Exercise brief => Using the records below, repeat exactly the lines from the one holding "arc A2 (-1.5343, -13.6729)" through the one holding "circle A4 centre", both ends included, and no others.

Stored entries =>
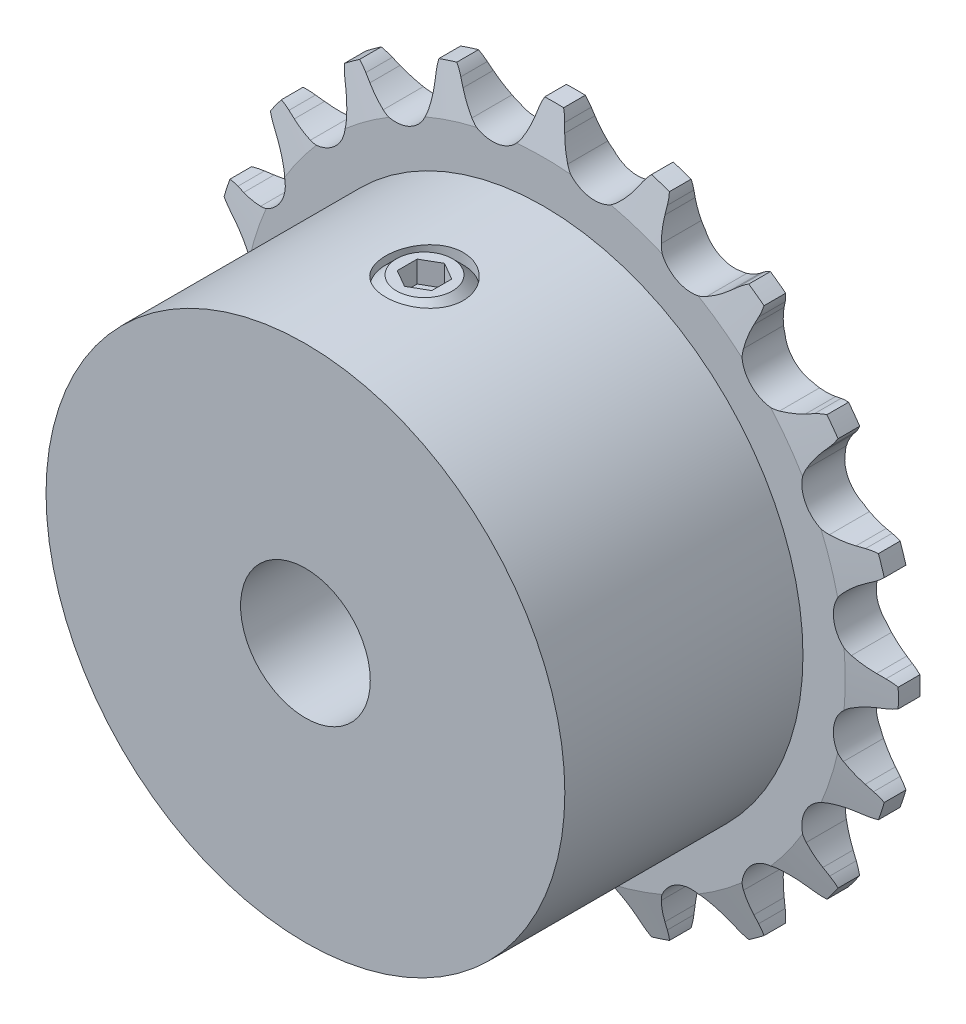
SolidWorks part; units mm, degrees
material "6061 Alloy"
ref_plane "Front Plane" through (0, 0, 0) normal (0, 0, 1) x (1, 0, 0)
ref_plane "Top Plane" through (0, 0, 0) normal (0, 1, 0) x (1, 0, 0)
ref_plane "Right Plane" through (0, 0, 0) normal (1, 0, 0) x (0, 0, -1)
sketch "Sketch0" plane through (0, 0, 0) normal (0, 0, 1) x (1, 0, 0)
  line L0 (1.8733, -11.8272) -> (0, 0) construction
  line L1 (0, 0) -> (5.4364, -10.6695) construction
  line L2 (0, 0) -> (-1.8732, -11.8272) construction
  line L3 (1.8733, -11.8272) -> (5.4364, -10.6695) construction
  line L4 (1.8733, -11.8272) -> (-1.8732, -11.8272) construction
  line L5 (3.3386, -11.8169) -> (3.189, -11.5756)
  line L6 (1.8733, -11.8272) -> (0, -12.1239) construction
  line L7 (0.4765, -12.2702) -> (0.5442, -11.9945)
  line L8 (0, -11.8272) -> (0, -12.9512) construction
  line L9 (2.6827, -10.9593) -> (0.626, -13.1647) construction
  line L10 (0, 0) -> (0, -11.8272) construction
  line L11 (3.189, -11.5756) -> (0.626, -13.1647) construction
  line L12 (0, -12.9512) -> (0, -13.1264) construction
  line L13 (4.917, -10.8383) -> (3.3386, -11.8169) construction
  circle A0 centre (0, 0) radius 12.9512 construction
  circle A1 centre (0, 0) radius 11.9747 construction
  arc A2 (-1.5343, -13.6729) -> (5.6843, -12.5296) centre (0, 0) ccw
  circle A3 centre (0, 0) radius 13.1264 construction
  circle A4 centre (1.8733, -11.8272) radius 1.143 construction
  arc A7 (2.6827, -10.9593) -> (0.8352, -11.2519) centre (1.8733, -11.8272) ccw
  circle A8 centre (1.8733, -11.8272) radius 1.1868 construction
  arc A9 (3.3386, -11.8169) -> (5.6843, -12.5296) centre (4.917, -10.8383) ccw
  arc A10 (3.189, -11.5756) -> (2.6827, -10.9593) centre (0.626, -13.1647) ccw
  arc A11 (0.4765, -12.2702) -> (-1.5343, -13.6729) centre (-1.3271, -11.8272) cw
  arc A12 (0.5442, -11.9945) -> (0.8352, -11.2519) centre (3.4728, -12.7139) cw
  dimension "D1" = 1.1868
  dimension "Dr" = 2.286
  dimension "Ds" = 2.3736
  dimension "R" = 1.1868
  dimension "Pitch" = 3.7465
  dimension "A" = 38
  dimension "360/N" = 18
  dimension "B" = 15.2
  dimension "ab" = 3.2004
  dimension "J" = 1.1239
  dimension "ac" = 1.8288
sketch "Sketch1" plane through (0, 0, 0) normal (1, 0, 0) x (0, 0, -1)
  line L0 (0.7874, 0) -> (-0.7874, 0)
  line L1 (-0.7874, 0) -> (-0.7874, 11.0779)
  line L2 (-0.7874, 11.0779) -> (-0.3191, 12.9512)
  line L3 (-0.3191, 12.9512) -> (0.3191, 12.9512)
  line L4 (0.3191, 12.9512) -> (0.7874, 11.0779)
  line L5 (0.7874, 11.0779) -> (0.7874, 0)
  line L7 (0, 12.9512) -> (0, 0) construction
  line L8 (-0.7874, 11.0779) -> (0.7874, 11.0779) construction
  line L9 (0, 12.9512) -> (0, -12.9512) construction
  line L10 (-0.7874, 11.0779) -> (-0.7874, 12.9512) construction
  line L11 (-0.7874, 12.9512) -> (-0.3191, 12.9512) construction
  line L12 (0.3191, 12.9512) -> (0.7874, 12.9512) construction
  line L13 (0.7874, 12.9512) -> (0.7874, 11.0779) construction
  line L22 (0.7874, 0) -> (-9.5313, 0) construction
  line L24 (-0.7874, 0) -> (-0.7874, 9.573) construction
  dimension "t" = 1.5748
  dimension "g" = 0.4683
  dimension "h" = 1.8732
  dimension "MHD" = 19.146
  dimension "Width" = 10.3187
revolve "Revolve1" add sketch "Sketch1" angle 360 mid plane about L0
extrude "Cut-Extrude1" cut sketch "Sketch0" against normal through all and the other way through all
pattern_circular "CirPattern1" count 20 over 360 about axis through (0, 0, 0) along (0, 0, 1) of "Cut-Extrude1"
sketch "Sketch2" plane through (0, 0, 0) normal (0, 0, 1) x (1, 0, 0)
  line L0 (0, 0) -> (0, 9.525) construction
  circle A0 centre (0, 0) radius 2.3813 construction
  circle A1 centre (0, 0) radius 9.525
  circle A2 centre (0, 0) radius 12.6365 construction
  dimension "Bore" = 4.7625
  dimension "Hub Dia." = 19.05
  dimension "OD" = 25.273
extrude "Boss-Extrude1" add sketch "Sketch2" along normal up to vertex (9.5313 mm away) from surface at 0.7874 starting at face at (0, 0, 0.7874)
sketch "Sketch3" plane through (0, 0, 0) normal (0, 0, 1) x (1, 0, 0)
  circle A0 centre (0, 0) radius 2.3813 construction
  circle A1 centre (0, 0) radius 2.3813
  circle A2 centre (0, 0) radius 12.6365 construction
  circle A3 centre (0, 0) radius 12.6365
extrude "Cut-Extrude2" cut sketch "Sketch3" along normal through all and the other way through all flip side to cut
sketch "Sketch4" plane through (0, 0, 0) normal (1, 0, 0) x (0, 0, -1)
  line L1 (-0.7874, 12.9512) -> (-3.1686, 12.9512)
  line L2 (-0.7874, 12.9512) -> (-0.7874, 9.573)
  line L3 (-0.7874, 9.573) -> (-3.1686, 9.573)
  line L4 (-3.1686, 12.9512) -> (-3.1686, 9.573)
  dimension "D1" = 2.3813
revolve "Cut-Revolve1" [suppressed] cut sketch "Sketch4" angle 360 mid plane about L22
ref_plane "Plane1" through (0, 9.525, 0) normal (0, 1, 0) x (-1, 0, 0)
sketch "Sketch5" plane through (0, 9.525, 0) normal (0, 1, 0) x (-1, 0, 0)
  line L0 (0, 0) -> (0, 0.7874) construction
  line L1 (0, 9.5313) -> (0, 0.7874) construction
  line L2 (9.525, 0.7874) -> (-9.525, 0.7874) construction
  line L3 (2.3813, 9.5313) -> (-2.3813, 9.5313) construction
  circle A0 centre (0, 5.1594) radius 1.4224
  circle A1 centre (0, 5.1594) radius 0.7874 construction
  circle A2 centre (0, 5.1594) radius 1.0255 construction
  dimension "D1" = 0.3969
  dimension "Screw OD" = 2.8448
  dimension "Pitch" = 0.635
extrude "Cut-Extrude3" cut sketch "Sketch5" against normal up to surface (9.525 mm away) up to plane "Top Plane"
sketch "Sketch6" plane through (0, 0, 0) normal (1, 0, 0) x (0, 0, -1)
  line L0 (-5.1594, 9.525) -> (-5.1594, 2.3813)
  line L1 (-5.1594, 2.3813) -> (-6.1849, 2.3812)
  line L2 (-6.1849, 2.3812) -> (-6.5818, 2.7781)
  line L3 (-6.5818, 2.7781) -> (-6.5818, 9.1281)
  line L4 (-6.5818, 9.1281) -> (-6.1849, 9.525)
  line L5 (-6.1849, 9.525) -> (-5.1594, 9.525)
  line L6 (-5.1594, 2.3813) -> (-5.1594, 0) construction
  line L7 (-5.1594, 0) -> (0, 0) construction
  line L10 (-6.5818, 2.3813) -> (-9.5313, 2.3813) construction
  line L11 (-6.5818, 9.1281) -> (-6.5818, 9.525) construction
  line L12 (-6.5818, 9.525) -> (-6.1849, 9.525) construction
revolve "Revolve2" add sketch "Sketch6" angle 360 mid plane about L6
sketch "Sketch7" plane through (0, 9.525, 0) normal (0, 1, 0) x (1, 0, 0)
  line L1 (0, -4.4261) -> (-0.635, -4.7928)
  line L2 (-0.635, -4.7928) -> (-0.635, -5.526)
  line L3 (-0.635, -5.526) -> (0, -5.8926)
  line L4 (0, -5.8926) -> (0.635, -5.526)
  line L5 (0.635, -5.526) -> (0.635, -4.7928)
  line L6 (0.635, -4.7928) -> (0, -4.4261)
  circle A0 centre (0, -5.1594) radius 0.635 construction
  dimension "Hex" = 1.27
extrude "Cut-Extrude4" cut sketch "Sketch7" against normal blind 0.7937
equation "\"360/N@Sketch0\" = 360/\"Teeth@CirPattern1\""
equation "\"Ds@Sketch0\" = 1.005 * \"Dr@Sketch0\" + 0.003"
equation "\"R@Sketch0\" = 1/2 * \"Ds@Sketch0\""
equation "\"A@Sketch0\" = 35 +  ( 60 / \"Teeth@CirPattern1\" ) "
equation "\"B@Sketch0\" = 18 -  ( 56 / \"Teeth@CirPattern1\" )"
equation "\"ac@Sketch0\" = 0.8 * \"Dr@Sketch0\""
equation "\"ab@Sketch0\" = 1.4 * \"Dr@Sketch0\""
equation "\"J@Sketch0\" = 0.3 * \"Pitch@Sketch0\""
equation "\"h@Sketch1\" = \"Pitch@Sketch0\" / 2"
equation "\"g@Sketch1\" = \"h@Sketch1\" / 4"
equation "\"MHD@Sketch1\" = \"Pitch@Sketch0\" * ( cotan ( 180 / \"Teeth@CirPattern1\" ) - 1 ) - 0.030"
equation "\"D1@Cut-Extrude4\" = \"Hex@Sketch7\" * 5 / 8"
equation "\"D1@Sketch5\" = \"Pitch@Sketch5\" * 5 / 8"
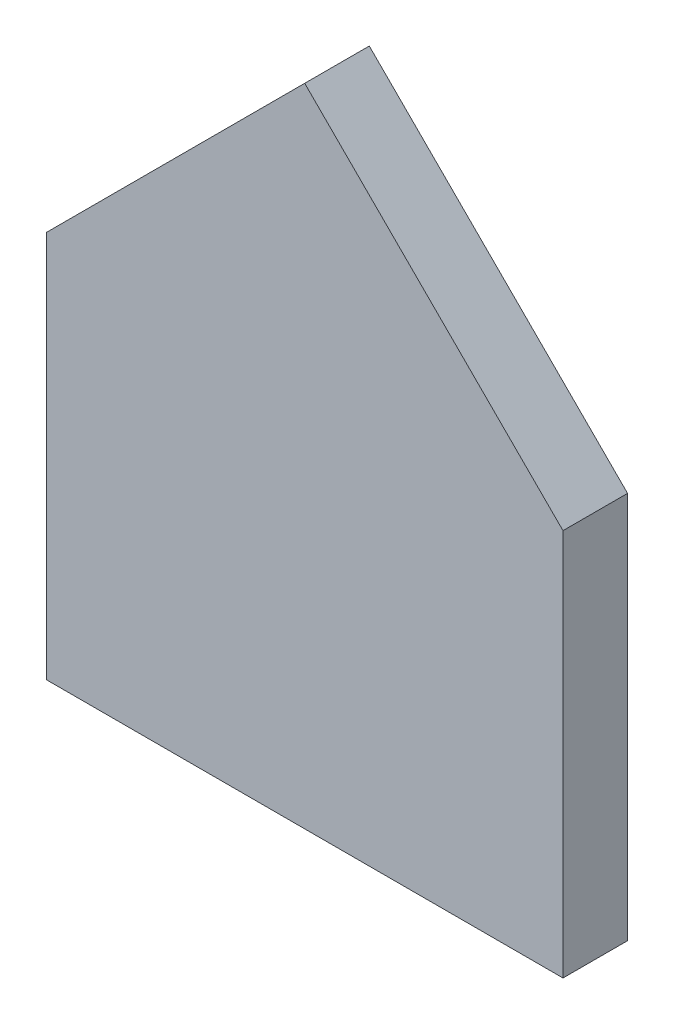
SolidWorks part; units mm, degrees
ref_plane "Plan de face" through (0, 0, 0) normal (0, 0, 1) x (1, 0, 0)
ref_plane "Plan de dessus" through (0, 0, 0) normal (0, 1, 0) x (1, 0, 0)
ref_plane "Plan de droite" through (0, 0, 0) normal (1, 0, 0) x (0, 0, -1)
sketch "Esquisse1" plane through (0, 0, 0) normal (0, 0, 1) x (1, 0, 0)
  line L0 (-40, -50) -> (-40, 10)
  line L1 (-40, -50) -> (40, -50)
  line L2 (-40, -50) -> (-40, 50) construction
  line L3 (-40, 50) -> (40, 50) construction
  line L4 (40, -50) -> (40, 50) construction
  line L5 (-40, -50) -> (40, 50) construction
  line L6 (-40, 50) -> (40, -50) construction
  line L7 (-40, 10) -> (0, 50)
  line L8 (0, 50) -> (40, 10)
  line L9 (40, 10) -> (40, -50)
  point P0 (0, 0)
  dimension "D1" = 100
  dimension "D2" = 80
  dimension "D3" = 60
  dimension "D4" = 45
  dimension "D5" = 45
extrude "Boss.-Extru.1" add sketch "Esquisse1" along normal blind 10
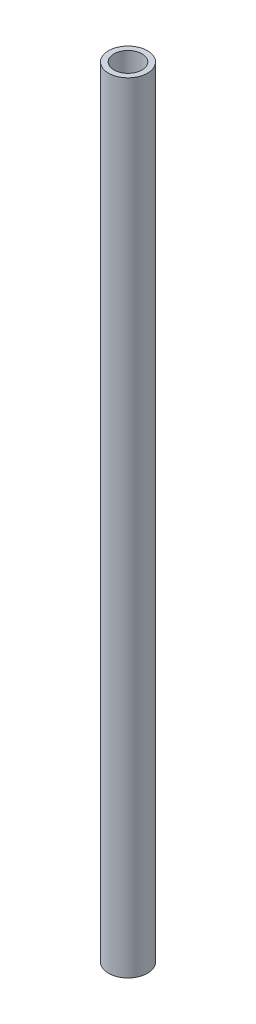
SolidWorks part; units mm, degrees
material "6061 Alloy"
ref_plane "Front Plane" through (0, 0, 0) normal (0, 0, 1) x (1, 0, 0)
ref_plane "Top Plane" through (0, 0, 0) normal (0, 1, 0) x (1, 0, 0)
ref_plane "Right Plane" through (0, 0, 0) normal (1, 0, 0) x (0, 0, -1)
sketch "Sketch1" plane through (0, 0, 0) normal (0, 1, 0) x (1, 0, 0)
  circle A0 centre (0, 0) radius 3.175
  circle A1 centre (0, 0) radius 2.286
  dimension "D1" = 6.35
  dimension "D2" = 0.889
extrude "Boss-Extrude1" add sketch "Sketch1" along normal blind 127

Answer section =>
  arc A2 (-1.5343, -13.6729) -> (5.6843, -12.5296) centre (0, 0) ccw
  circle A3 centre (0, 0) radius 13.1264 construction
  circle A4 centre (1.8733, -11.8272) radius 1.143 construction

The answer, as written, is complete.